Data items
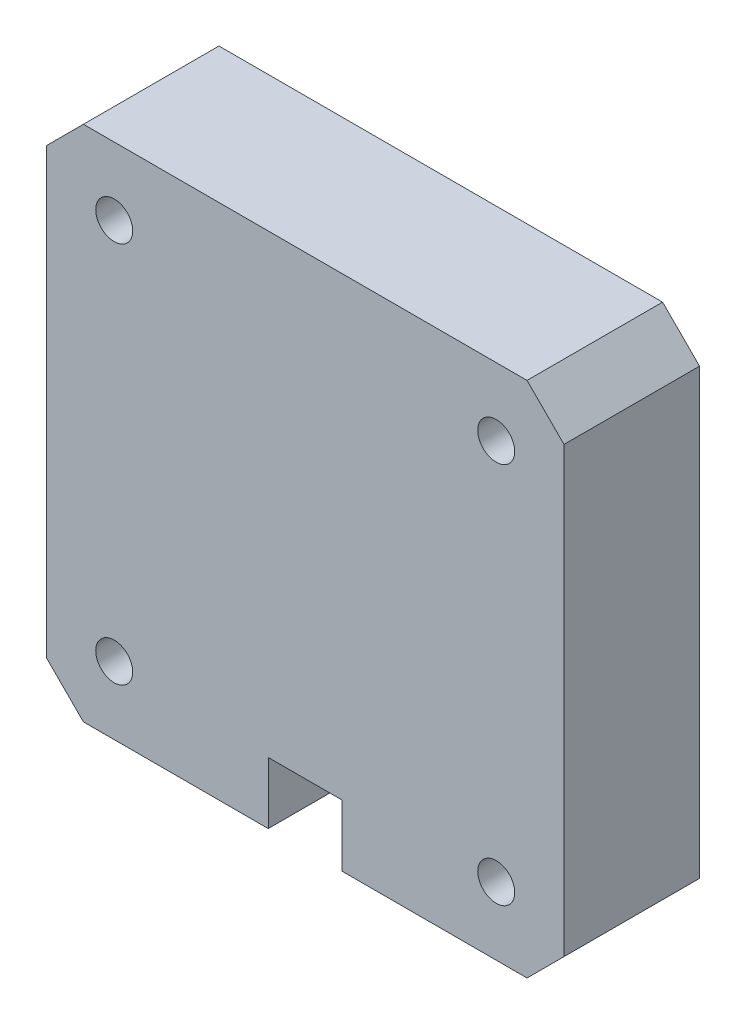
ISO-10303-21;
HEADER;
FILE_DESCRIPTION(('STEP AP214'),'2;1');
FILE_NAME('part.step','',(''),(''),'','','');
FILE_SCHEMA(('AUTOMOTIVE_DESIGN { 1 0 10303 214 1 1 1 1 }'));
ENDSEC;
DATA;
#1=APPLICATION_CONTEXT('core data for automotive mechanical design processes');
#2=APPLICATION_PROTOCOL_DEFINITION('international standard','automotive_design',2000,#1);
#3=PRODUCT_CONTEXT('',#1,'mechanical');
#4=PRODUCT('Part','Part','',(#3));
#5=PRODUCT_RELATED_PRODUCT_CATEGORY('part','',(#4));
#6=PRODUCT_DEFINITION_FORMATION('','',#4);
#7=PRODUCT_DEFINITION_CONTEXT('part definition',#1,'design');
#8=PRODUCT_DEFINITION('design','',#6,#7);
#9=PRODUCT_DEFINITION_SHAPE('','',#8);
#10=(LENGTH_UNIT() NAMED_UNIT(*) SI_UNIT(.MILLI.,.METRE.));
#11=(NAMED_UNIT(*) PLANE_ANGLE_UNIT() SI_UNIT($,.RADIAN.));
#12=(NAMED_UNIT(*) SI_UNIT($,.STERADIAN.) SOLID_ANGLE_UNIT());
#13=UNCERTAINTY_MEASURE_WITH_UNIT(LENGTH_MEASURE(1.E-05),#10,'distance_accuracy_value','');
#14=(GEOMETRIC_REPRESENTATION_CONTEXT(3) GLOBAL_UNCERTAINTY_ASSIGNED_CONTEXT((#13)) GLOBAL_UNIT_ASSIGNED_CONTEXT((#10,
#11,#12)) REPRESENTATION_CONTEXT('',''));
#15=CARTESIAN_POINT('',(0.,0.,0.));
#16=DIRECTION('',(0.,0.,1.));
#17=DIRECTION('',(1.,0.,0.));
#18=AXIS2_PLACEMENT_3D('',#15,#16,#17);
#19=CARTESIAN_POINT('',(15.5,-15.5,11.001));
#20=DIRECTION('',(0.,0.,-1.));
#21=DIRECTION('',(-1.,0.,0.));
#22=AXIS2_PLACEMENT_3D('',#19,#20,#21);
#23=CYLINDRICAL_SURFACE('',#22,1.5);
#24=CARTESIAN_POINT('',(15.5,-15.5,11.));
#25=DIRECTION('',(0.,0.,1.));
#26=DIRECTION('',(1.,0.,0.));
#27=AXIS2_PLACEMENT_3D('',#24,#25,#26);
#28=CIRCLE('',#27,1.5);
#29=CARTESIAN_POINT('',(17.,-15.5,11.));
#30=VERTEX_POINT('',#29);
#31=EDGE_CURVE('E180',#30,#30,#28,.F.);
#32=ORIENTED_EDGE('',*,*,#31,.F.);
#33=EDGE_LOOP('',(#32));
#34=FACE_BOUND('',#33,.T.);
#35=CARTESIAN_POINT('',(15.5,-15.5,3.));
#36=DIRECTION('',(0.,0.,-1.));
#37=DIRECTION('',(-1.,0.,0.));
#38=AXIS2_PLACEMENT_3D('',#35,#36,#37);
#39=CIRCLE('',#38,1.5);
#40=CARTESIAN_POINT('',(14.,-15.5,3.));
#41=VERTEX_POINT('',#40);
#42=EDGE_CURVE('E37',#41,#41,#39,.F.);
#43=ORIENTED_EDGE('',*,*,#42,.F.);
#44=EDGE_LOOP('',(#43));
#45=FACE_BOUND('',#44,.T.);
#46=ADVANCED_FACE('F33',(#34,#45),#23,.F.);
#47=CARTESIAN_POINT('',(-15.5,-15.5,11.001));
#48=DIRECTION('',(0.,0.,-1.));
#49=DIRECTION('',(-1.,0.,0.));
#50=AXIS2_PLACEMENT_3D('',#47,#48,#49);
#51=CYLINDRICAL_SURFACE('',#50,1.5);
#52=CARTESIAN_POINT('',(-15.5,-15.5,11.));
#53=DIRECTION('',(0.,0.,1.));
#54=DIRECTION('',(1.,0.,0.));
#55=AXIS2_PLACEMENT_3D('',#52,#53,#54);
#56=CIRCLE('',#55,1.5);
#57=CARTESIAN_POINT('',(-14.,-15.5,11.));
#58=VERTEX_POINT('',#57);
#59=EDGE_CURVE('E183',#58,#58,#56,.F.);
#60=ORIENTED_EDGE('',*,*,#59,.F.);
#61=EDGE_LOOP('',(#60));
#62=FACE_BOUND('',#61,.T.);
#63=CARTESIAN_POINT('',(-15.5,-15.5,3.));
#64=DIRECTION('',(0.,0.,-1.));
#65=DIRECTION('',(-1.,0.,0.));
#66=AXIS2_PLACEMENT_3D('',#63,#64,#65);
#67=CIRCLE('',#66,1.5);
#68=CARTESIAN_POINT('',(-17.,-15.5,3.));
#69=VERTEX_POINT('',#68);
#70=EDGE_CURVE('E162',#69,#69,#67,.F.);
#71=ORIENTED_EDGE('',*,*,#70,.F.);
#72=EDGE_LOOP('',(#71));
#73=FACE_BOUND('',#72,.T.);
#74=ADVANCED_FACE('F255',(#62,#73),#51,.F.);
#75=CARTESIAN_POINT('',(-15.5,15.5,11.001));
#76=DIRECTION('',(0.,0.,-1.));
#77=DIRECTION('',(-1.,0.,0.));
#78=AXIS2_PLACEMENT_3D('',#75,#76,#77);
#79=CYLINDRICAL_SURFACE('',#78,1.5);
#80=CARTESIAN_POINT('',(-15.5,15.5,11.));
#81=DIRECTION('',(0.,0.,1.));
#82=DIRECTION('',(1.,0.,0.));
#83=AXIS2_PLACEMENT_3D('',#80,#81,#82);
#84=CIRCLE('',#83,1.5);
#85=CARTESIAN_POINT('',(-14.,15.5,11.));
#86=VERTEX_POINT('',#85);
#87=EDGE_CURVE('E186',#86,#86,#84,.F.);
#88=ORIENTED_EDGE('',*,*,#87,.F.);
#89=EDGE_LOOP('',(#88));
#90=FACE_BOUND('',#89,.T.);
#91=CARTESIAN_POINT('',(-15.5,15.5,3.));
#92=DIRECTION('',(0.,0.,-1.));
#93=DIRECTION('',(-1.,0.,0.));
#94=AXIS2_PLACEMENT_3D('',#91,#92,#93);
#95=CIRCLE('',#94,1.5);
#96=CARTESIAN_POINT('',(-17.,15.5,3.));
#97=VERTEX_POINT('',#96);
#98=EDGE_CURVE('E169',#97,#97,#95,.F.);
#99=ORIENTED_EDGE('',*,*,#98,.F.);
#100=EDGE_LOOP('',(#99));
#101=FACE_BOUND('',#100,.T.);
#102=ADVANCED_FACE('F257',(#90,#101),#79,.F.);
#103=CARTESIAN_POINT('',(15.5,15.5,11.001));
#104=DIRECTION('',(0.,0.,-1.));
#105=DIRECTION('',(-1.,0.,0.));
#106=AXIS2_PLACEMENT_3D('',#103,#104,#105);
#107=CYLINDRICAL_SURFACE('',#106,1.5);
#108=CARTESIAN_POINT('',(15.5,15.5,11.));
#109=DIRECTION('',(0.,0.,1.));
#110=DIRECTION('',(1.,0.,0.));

* _WHAT NEEDS TO BE DONE_
Both end lines included, restate word for word the lines above from the line with "#67=CIRCLE('',#66,1.5);" to the line with "#79=CYLINDRICAL_SURFACE('',#78,1.5);", and nothing else.

* _ANSWER SECTION_
#67=CIRCLE('',#66,1.5);
#68=CARTESIAN_POINT('',(-17.,-15.5,3.));
#69=VERTEX_POINT('',#68);
#70=EDGE_CURVE('E162',#69,#69,#67,.F.);
#71=ORIENTED_EDGE('',*,*,#70,.F.);
#72=EDGE_LOOP('',(#71));
#73=FACE_BOUND('',#72,.T.);
#74=ADVANCED_FACE('F255',(#62,#73),#51,.F.);
#75=CARTESIAN_POINT('',(-15.5,15.5,11.001));
#76=DIRECTION('',(0.,0.,-1.));
#77=DIRECTION('',(-1.,0.,0.));
#78=AXIS2_PLACEMENT_3D('',#75,#76,#77);
#79=CYLINDRICAL_SURFACE('',#78,1.5);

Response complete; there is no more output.